→ **Exercise material**

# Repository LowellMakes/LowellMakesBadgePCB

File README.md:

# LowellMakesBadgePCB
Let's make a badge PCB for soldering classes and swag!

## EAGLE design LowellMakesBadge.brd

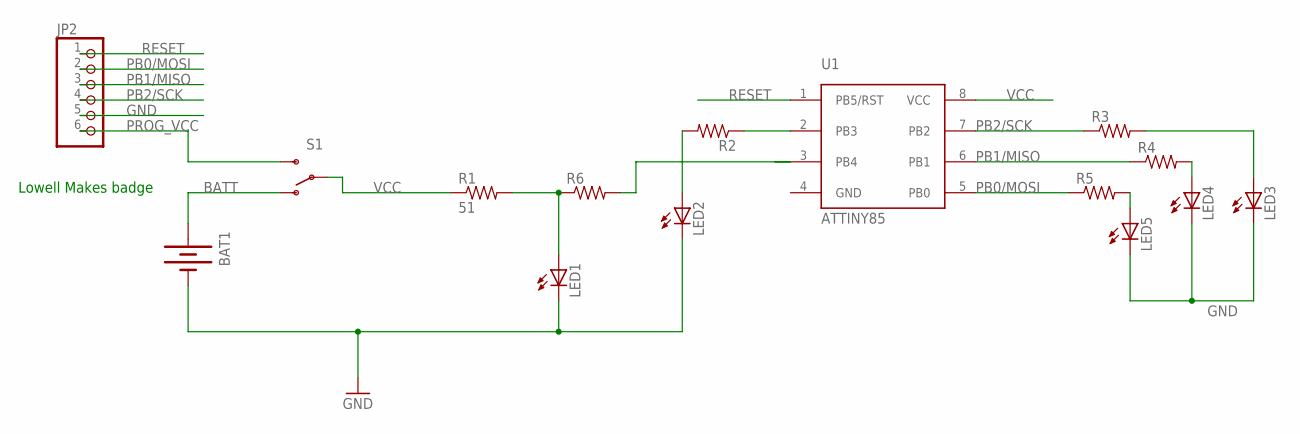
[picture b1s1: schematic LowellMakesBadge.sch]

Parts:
BAT1: BATTERY12PTH; BATTCON_12MM_PTH
JP2: PINHD-1X6; 1X06
LED1: LED5MM
LED2, LED3, LED4, LED5: LEDCHIP-LED0805; CHIP-LED0805
R1: 51; AXIAL-0.3
R2, R3, R4, R5, R6: RESISTOR; 0805
S1: SWITCH-SPDTPTH; SWITCH-SPDT
U1: ATTINY85; SOIC8

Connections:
BATT: BAT1.VCC@1 (+), S1.1 (O)
GND: BAT1.GND (-), JP2.5, LED1.K (C), LED2.C, LED3.C, LED4.C, LED5.C, U1.4 (GND)
unnamed: LED1.A, R1.P$2 (2), R6.1
unnamed: R6.2, U1.3 (PB4)
unnamed: LED5.A, R5.2
unnamed: R2.1, U1.2 (PB3)
unnamed: LED2.A, R2.2
unnamed: LED4.A, R4.2
unnamed: LED3.A, R3.2
PB0/MOSI: JP2.2, R5.1, U1.5 (PB0)
PB1/MISO: JP2.3, R4.1, U1.6 (PB1)
PB2/SCK: JP2.4, R3.1, U1.7 (PB2)
PROG_VCC: JP2.6, S1.3 (S)
RESET: JP2.1, U1.1 (PB5/RST)
VCC: R1.P$1 (1), S1.2, U1.8 (VCC)

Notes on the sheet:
Lowell Makes badge

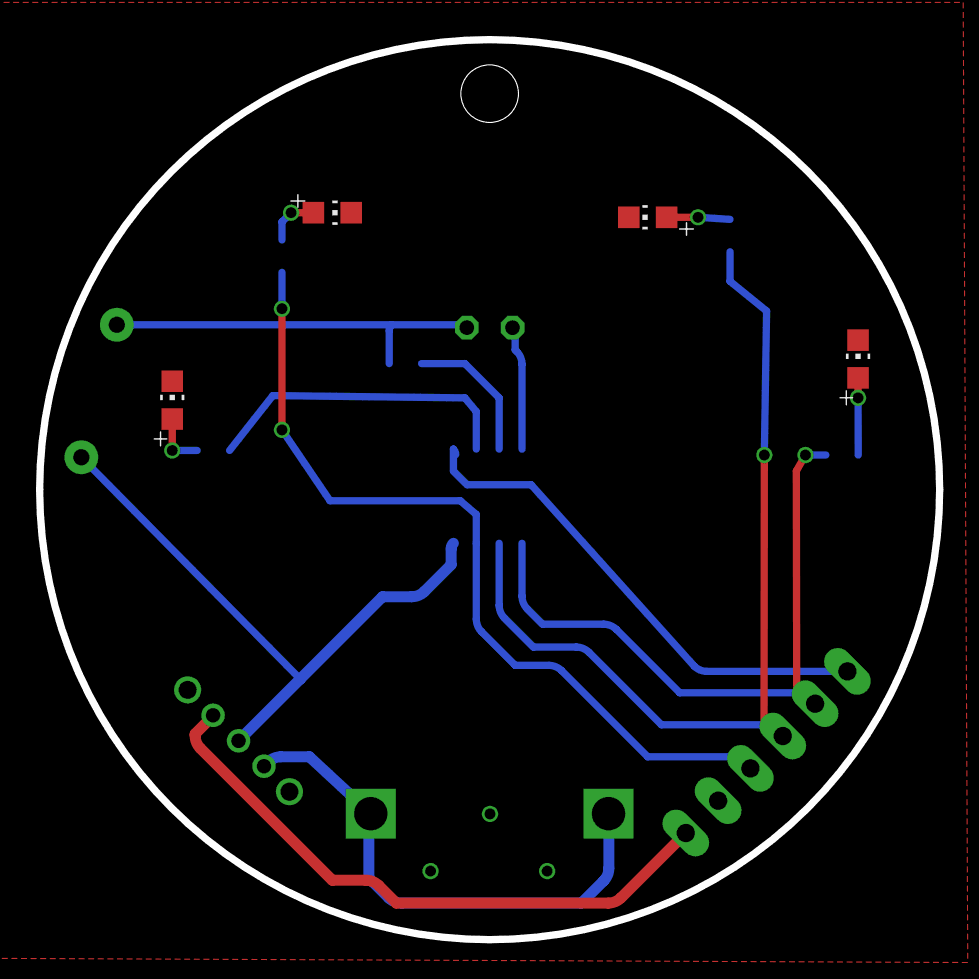
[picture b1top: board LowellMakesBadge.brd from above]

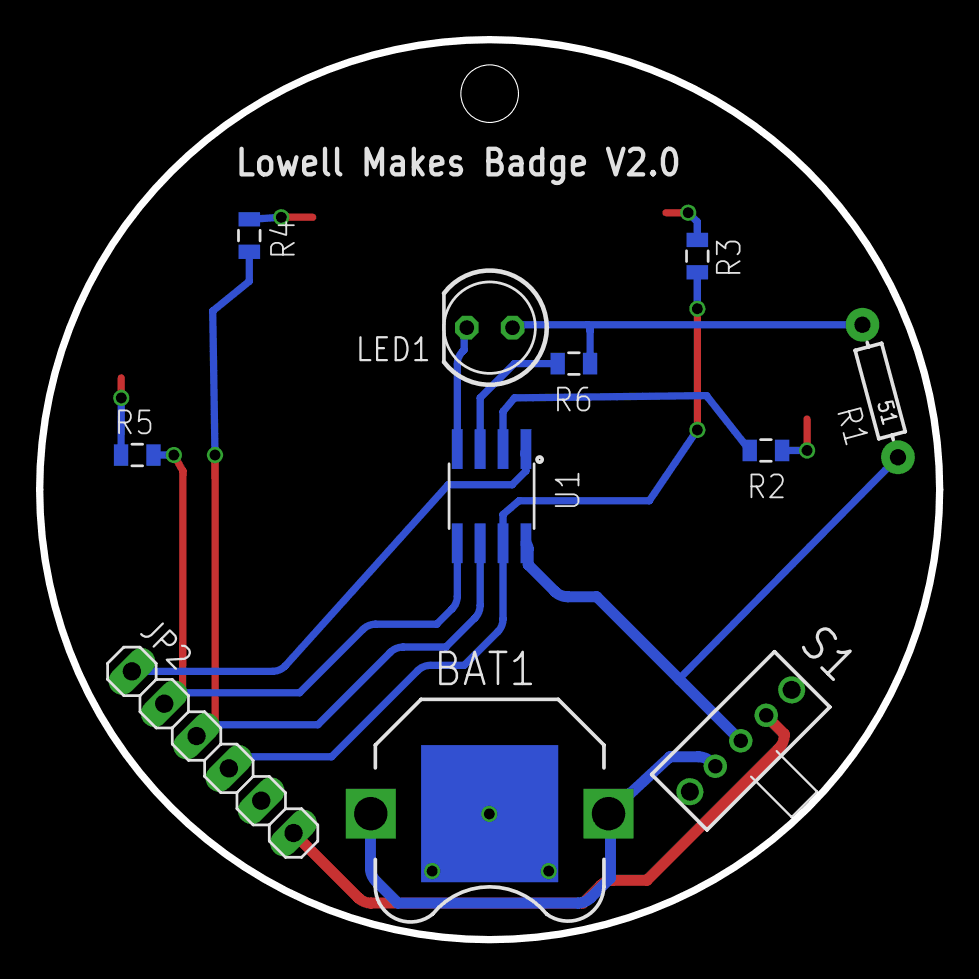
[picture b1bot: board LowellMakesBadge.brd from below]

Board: 2 copper layers, 50.0 x 50.0 mm, 16 parts (11 on the bottom side), 15 nets.

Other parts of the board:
U$1: LOWELLMAKES-LOGO2

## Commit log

2015-06-23 Adding first version created by @sajingeo
2015-06-23 Adding next version from @sajingeo including a 3d model
2015-06-24 Created Very Simple First Version. Should put copper text with version on the back
2015-06-24 Updated battery to be through hole and added text. Need to add stop
2015-06-24 Added mask stop for text
2015-06-24 Adding Gerbers for V1.0
2015-06-25 More updates from @sajingeo
2015-06-25 Updated board to change version from 1 to 2.0
2016-07-06 Made a bunch of changes to add support for AT Tiny 85
2016-07-06 Updates to use all at tiny pins (last GPIO to control main through hole LED as well
2016-07-07 Updates to wire in a full programming header. moved SMD led pins around to simplify routing
2016-07-07 Cleaned up the battery power signal and passed some DRC tests
2016-07-11 Update to make board render properly in 3d model
2016-07-11 Update to name micro as U1 instead of U$2
2016-07-11 Fixing silkscreen on back of board to be on the right layer. Updated 3d images
2016-07-11 Updating gerber files for submission to Seeed Studio

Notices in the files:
parts and their libraries:
SparkFun: Licensing: CC v3.0 Share-Alike You are welcome to use this library for commercial purposes.

→ **Exercise brief**
A verbatim transcript of the entries above is required, with the pictures left out.

→ **Output for this exercise**
# Repository LowellMakes/LowellMakesBadgePCB

File README.md:

# LowellMakesBadgePCB
Let's make a badge PCB for soldering classes and swag!

## EAGLE design LowellMakesBadge.brd

[picture b1s1: schematic LowellMakesBadge.sch]

Parts:
BAT1: BATTERY12PTH; BATTCON_12MM_PTH
JP2: PINHD-1X6; 1X06
LED1: LED5MM
LED2, LED3, LED4, LED5: LEDCHIP-LED0805; CHIP-LED0805
R1: 51; AXIAL-0.3
R2, R3, R4, R5, R6: RESISTOR; 0805
S1: SWITCH-SPDTPTH; SWITCH-SPDT
U1: ATTINY85; SOIC8

Connections:
BATT: BAT1.VCC@1 (+), S1.1 (O)
GND: BAT1.GND (-), JP2.5, LED1.K (C), LED2.C, LED3.C, LED4.C, LED5.C, U1.4 (GND)
unnamed: LED1.A, R1.P$2 (2), R6.1
unnamed: R6.2, U1.3 (PB4)
unnamed: LED5.A, R5.2
unnamed: R2.1, U1.2 (PB3)
unnamed: LED2.A, R2.2
unnamed: LED4.A, R4.2
unnamed: LED3.A, R3.2
PB0/MOSI: JP2.2, R5.1, U1.5 (PB0)
PB1/MISO: JP2.3, R4.1, U1.6 (PB1)
PB2/SCK: JP2.4, R3.1, U1.7 (PB2)
PROG_VCC: JP2.6, S1.3 (S)
RESET: JP2.1, U1.1 (PB5/RST)
VCC: R1.P$1 (1), S1.2, U1.8 (VCC)

Notes on the sheet:
Lowell Makes badge

[picture b1top: board LowellMakesBadge.brd from above]

[picture b1bot: board LowellMakesBadge.brd from below]

Board: 2 copper layers, 50.0 x 50.0 mm, 16 parts (11 on the bottom side), 15 nets.

Other parts of the board:
U$1: LOWELLMAKES-LOGO2

## Commit log

2015-06-23 Adding first version created by @sajingeo
2015-06-23 Adding next version from @sajingeo including a 3d model
2015-06-24 Created Very Simple First Version. Should put copper text with version on the back
2015-06-24 Updated battery to be through hole and added text. Need to add stop
2015-06-24 Added mask stop for text
2015-06-24 Adding Gerbers for V1.0
2015-06-25 More updates from @sajingeo
2015-06-25 Updated board to change version from 1 to 2.0
2016-07-06 Made a bunch of changes to add support for AT Tiny 85
2016-07-06 Updates to use all at tiny pins (last GPIO to control main through hole LED as well
2016-07-07 Updates to wire in a full programming header. moved SMD led pins around to simplify routing
2016-07-07 Cleaned up the battery power signal and passed some DRC tests
2016-07-11 Update to make board render properly in 3d model
2016-07-11 Update to name micro as U1 instead of U$2
2016-07-11 Fixing silkscreen on back of board to be on the right layer. Updated 3d images
2016-07-11 Updating gerber files for submission to Seeed Studio

Notices in the files:
parts and their libraries:
SparkFun: Licensing: CC v3.0 Share-Alike You are welcome to use this library for commercial purposes.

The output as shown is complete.